After a week of agony, salvation eventually came. She sent me a message apologizing for the silence. “I just want you to know that I’ve been having a really hard time,” she wrote. “That’s why I haven’t really been talking to my friends — or to anyone, really. I’m trying to feel like myself again, so I wanted to say sorry if you felt like I was ignoring you. That wasn’t my intention.” There was no precedent for not talking in the past because we’d had no situation like this before; now, she wasn’t talking to me because she was faced with a whole new set of circumstances, forcing her to take steps she never had before, including temporarily ceasing interaction with her friends.
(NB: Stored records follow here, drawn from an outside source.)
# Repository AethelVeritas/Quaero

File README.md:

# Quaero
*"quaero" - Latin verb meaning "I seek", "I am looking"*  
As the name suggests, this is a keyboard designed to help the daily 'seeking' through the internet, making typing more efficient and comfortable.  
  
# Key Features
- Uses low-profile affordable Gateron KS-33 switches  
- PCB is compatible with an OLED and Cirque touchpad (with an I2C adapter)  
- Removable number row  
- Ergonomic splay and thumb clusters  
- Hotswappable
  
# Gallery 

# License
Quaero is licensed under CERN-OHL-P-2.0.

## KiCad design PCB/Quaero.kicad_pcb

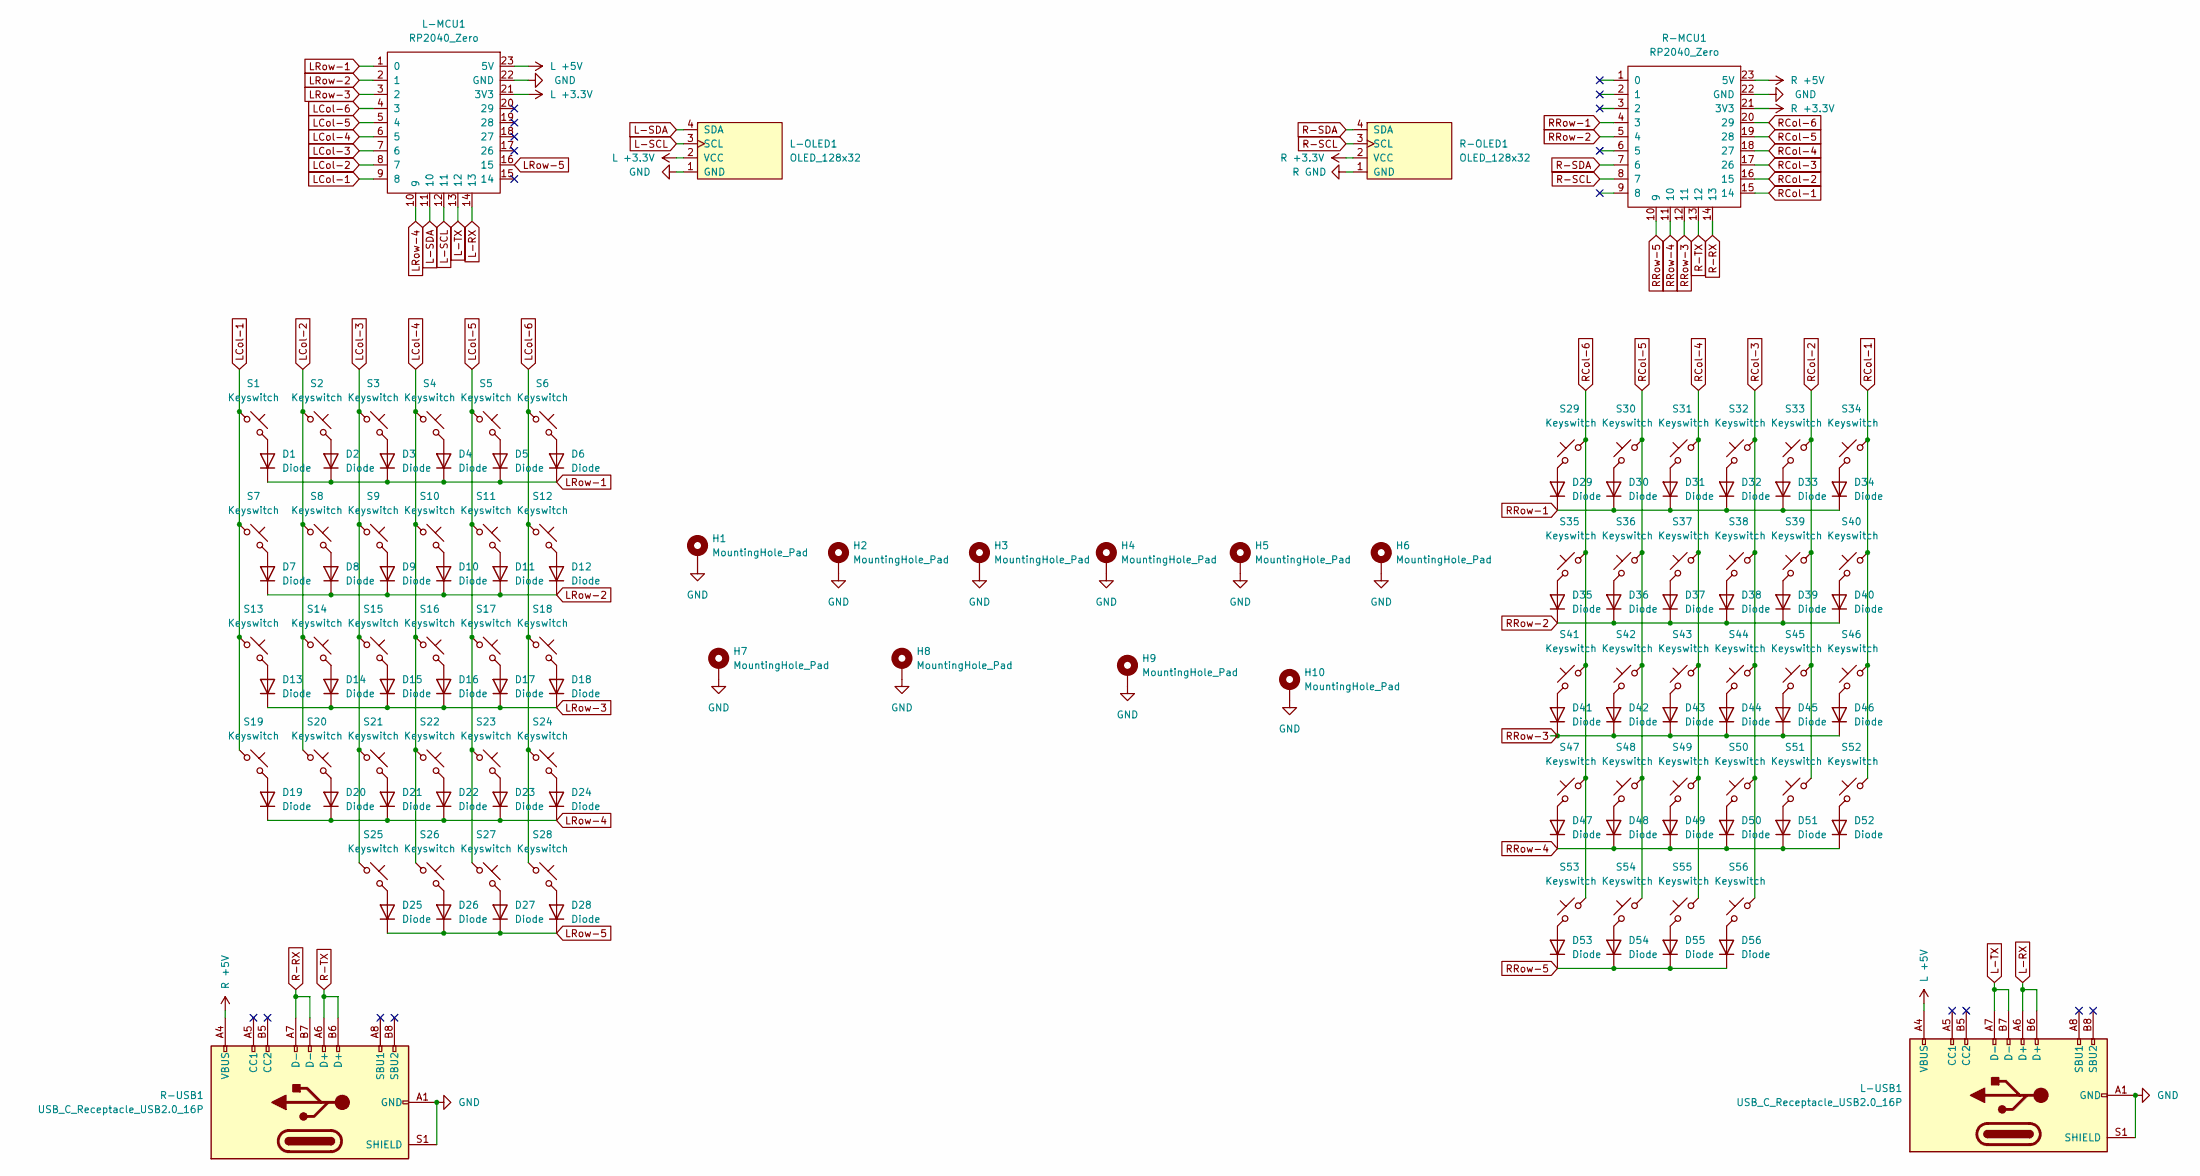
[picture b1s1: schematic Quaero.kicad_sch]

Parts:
D1, D2, D3, D4, D5, D6, D7, D8, D9, D10, D11, D12, D13, D14, D15, D16, D17, D18, D19, D20, D21, D22, D23, D24, D25, D26, D27, D28: Diode; D_DO-35_SOD27_P7.62mm_Horizontal
D29, D30, D31, D32, D33, D34, D35, D36, D37, D38, D39, D40, D41, D42, D43, D44, D45, D46, D47, D48, D49, D50, D51, D52, D53, D54, D55, D56: Diode
H1, H2, H3, H4, H5, H6, H7, H8, H9, H10: MountingHole_Pad; MountingHole_2.2mm_M2_Pad
L-MCU1: RP2040_Zero; RP2040_Zero_Flipped
L-OLED1: OLED_128x32
L-USB1: USB_C_Receptacle_USB2.0_16P; USB_C_Receptacle_GCT_USB4085
R-MCU1: RP2040_Zero; RP2040_Zero_Flipped
R-OLED1: OLED_128x32
R-USB1: USB_C_Receptacle_USB2.0_16P; USB_C_Receptacle_GCT_USB4085
S1, S2, S3, S4, S5, S6, S7, S8, S9, S10, S11, S12, S13, S14, S15, S16, S17, S18, S19, S20, S21, S22, S23, S24, S25, S26, S27, S28, S29, S30, S31, S32, S33, S34, S35, S36, S37, S38, S39, S40, S41, S42, S43, S44, S45, S46, S47, S48, S49, S50, S51, S52, S53, S54, S55, S56: Keyswitch

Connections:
GND: H1.1, H2.1, H3.1, H4.1, H5.1, H6.1, H7.1, H8.1, H9.1, H10.1, L-MCU1.22 (GND), L-OLED1.1 (GND), L-USB1.A1 (GND), L-USB1.A12 (GND), L-USB1.B1 (GND), L-USB1.B12 (GND), L-USB1.S1 (SHIELD), R-MCU1.22 (GND), R-USB1.A1 (GND), R-USB1.A12 (GND), R-USB1.B1 (GND), R-USB1.B12 (GND), R-USB1.S1 (SHIELD); also elsewhere on the board
L +3.3V: L-MCU1.21 (3V3), L-OLED1.2 (VCC)
L +5V: L-MCU1.23 (5V), L-USB1.A4 (VBUS), L-USB1.A9 (VBUS), L-USB1.B4 (VBUS), L-USB1.B9 (VBUS)
L-RX: L-MCU1.14 (13), L-USB1.A6 (D+), L-USB1.B6 (D+)
L-SCL: L-MCU1.12 (11), L-OLED1.3 (SCL)
L-SDA: L-MCU1.11 (10), L-OLED1.4 (SDA)
L-TX: L-MCU1.13 (12), L-USB1.A7 (D-), L-USB1.B7 (D-)
LCol-1: L-MCU1.9 (8), S1.1, S7.1, S13.1, S19.1
LCol-2: L-MCU1.8 (7), S2.1, S8.1, S14.1, S20.1
LCol-3: L-MCU1.7 (6), S3.1, S9.1, S15.1, S21.1, S25.1
LCol-4: L-MCU1.6 (5), S4.1, S10.1, S16.1, S22.1, S26.1
LCol-5: L-MCU1.5 (4), S5.1, S11.1, S17.1, S23.1, S27.1
LCol-6: L-MCU1.4 (3), S6.1, S12.1, S18.1, S24.1, S28.1
LRow-1: D1.1 (K), D2.1 (K), D3.1 (K), D4.1 (K), D5.1 (K), D6.1 (K), L-MCU1.1 (0)
LRow-2: D7.1 (K), D8.1 (K), D9.1 (K), D10.1 (K), D11.1 (K), D12.1 (K), L-MCU1.2 (1)
LRow-3: D13.1 (K), D14.1 (K), D15.1 (K), D16.1 (K), D17.1 (K), D18.1 (K), L-MCU1.3 (2)
LRow-4: D19.1 (K), D20.1 (K), D21.1 (K), D22.1 (K), D23.1 (K), D24.1 (K), L-MCU1.10 (9)
LRow-5: D25.1 (K), D26.1 (K), D27.1 (K), D28.1 (K), L-MCU1.16 (15)
unnamed: D1.2 (A), S1.2
unnamed: D2.2 (A), S2.2
unnamed: D3.2 (A), S3.2
unnamed: D4.2 (A), S4.2
unnamed: D5.2 (A), S5.2
unnamed: D6.2 (A), S6.2
unnamed: D7.2 (A), S7.2
unnamed: D8.2 (A), S8.2
unnamed: D9.2 (A), S9.2
unnamed: D10.2 (A), S10.2
unnamed: D11.2 (A), S11.2
unnamed: D12.2 (A), S12.2
unnamed: D13.2 (A), S13.2
unnamed: D14.2 (A), S14.2
unnamed: D15.2 (A), S15.2
unnamed: D16.2 (A), S16.2
unnamed: D17.2 (A), S17.2
unnamed: D18.2 (A), S18.2
unnamed: D19.2 (A), S19.2
unnamed: D20.2 (A), S20.2
unnamed: D21.2 (A), S21.2
unnamed: D22.2 (A), S22.2
unnamed: D23.2 (A), S23.2
unnamed: D24.2 (A), S24.2
unnamed: D25.2 (A), S25.2
unnamed: D26.2 (A), S26.2
unnamed: D27.2 (A), S27.2
unnamed: D28.2 (A), S28.2
unnamed: D29.2 (A), S29.1
unnamed: D30.2 (A), S30.1
unnamed: D31.2 (A), S31.1
unnamed: D32.2 (A), S32.1
unnamed: D33.2 (A), S33.1
unnamed: D34.2 (A), S34.1
unnamed: D35.2 (A), S35.1
unnamed: D36.2 (A), S36.1
unnamed: D37.2 (A), S37.1
unnamed: D38.2 (A), S38.1
unnamed: D39.2 (A), S39.1
unnamed: D40.2 (A), S40.1
unnamed: D41.2 (A), S41.1
unnamed: D42.2 (A), S42.1
unnamed: D43.2 (A), S43.1
unnamed: D44.2 (A), S44.1
unnamed: D45.2 (A), S45.1
unnamed: D46.2 (A), S46.1
unnamed: D47.2 (A), S47.1
unnamed: D48.2 (A), S48.1
unnamed: D49.2 (A), S49.1
unnamed: D50.2 (A), S50.1
unnamed: D51.2 (A), S51.1
unnamed: D52.2 (A), S52.1
unnamed: D53.2 (A), S53.1
unnamed: D54.2 (A), S54.1
unnamed: D55.2 (A), S55.1
unnamed: D56.2 (A), S56.1
R +3.3V: R-MCU1.21 (3V3), R-OLED1.2 (VCC)
R +5V: R-MCU1.23 (5V), R-USB1.A4 (VBUS), R-USB1.A9 (VBUS), R-USB1.B4 (VBUS), R-USB1.B9 (VBUS)
R GND: R-OLED1.1 (GND)
R-RX: R-MCU1.14 (13), R-USB1.A7 (D-), R-USB1.B7 (D-)
R-SCL: R-MCU1.8 (7), R-OLED1.3 (SCL)
R-SDA: R-MCU1.7 (6), R-OLED1.4 (SDA)
R-TX: R-MCU1.13 (12), R-USB1.A6 (D+), R-USB1.B6 (D+)
RCol-1: R-MCU1.15 (14), S34.2, S40.2, S46.2, S52.2
RCol-2: R-MCU1.16 (15), S33.2, S39.2, S45.2, S51.2
RCol-3: R-MCU1.17 (26), S32.2, S38.2, S44.2, S50.2, S56.2
RCol-4: R-MCU1.18 (27), S31.2, S37.2, S43.2, S49.2, S55.2
RCol-5: R-MCU1.19 (28), S30.2, S36.2, S42.2, S48.2, S54.2
RCol-6: R-MCU1.20 (29), S29.2, S35.2, S41.2, S47.2, S53.2
RRow-1: D29.1 (K), D30.1 (K), D31.1 (K), D32.1 (K), D33.1 (K), D34.1 (K), R-MCU1.4 (3)
RRow-2: D35.1 (K), D36.1 (K), D37.1 (K), D38.1 (K), D39.1 (K), D40.1 (K), R-MCU1.5 (4)
RRow-3: D41.1 (K), D42.1 (K), D43.1 (K), D44.1 (K), D45.1 (K), D46.1 (K), R-MCU1.12 (11)
RRow-4: D47.1 (K), D48.1 (K), D49.1 (K), D50.1 (K), D51.1 (K), D52.1 (K), R-MCU1.11 (10)
RRow-5: D53.1 (K), D54.1 (K), D55.1 (K), D56.1 (K), R-MCU1.10 (9)

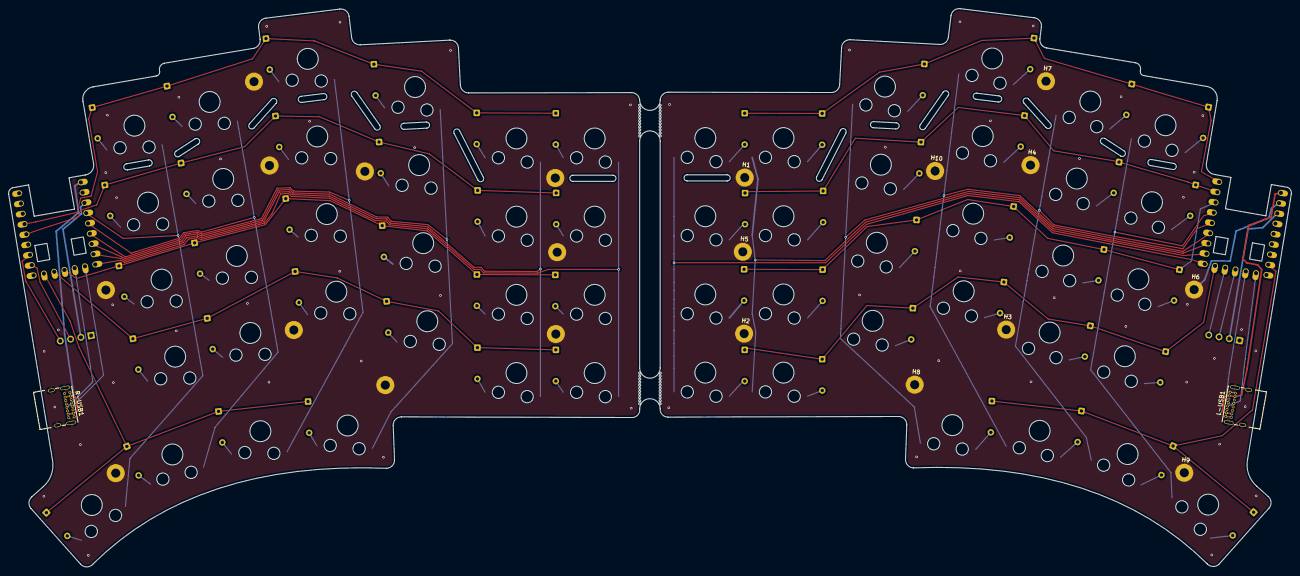
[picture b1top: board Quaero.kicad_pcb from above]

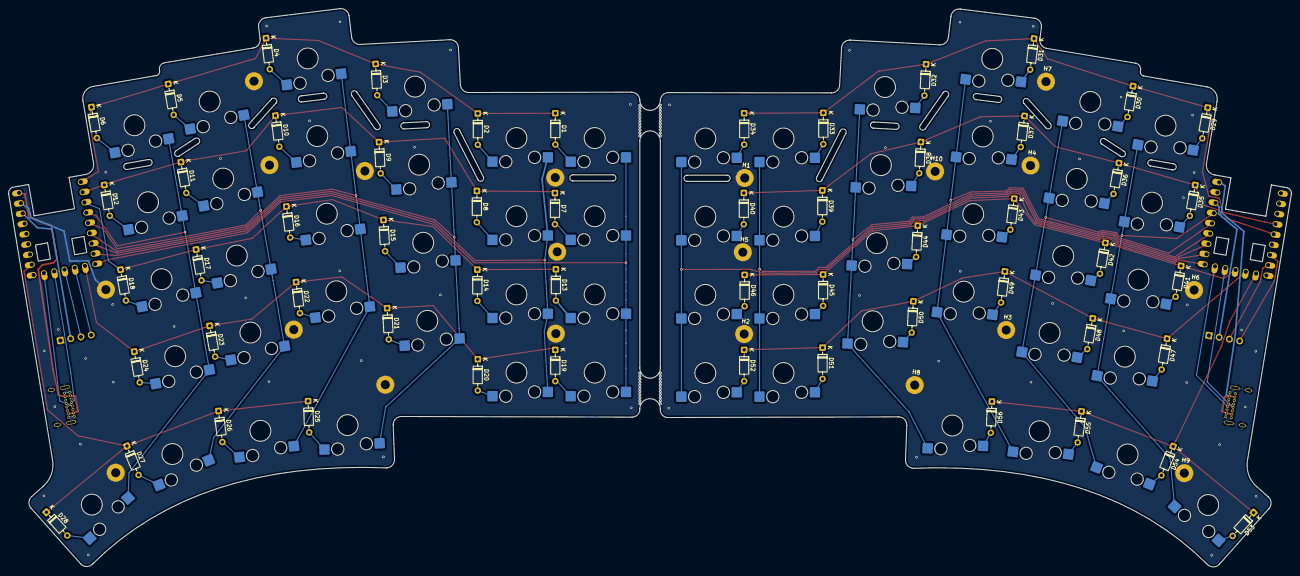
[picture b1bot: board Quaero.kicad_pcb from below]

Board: 2 copper layers, 312.5 x 136.0 mm, 140 parts (122 on the bottom side), 91 nets.

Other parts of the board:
H1#2, H2#2, H3#2, H4#2, H5#2, H6#2, H7#2, H8#2, H9#2, H10#2: MountingHole_Pad; MountingHole_2.2mm_M2_Pad
mouse-bite-5mm-slot, mouse-bite-5mm-slot#2: VAL**; mouse-bite-5mm-slot

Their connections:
GND: H1#2.1, H2#2.1, H3#2.1, H4#2.1, H5#2.1, H6#2.1, H7#2.1, H8#2.1, H9#2.1, H10#2.1; also elsewhere on the board

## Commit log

2025-07-01 Update JOURNAL.md (Retro Journaling)
2025-07-05 Left Side Routing Attempt 2
2025-07-05 Added files to PCB folder
2025-07-07 Removed unnecessary .kicad files from the root folder
2025-07-20 Left side routing attempt 4, added pics folder
2025-07-20 Left side partial routing attempt 4
2025-07-20 Testing pic preview in JOURNAL.md
2025-07-20 Testing pic preview in JOURNAL.md, try 2
2025-07-20 Testing pic preview in JOURNAL.md, try 3
2025-07-24 Updated to RP2040, routing columns attempt 1
2025-07-24 Revised routing, changed the MCU to the RP2040 Zero, changed the USB-C schematic
2025-07-25 Added picture files for last journal entry
2025-07-27 Updated Journal
2025-07-27 Safety commit before flipping rp2040
2025-07-31 Finished right side
2025-07-31 added pics
2025-07-31 Fixed pics not showing up in JOURNAL.md
2025-08-27 Final PCB
2025-08-27 Upated JOURNAL.md
2026-02-17 added files + readme improvements
2026-02-17 small readme changes, added license

In Greek plays, there is anagnorisis: the moment of realization or recognition. Well, in the Greek play of “Leora’s Quarantine Drama,” here was mine: I realized that my friend’s silence wasn’t about me. And, more importantly, that everyone “hurts,” i.e. responds to trauma, differently. My response to this situation was to reach out to friends. I didn’t realize that my friend’s coping mechanism was to stop reaching out altogether. My lack of empathy in this particular case convinced me to believe that her response was related to my behavior; my anagnorisis forced me to realize that her response was related to all that she was going through, having nothing to do with me at all.

That’s the thing: everyone is experiencing some form of trauma right now. Some people are immunocompromised and afraid to leave their homes. Some have lost any hope of experiencing the best months of their senior years. Some have lost their sources of income. Everyone is responding to their particular situation somehow — and everyone is doing it differently. Some will go for long runs several times a day; some will be glued to their computer screens. Some will want to talk on the phone for hours; others will stop talking completely. Everyone grieves differently, and there’s no telling what your loved ones will do. With this experience of global turmoil comes the awareness that we must be prepared to deal with others’ internal turmoil — and that its symptoms might not have anything to do with us.

At the time that I write this, my best friend and I still aren’t talking. It takes all of my willpower not to text her, call her, make the kind of contact that I crave. But I know that she needs her space to heal, and I am trying to respect it. I keep telling myself that, while I want to talk to my friends, one of my friends wants to take space for herself. And in the meantime, I am trying to remind myself that her silence has nothing to do with me.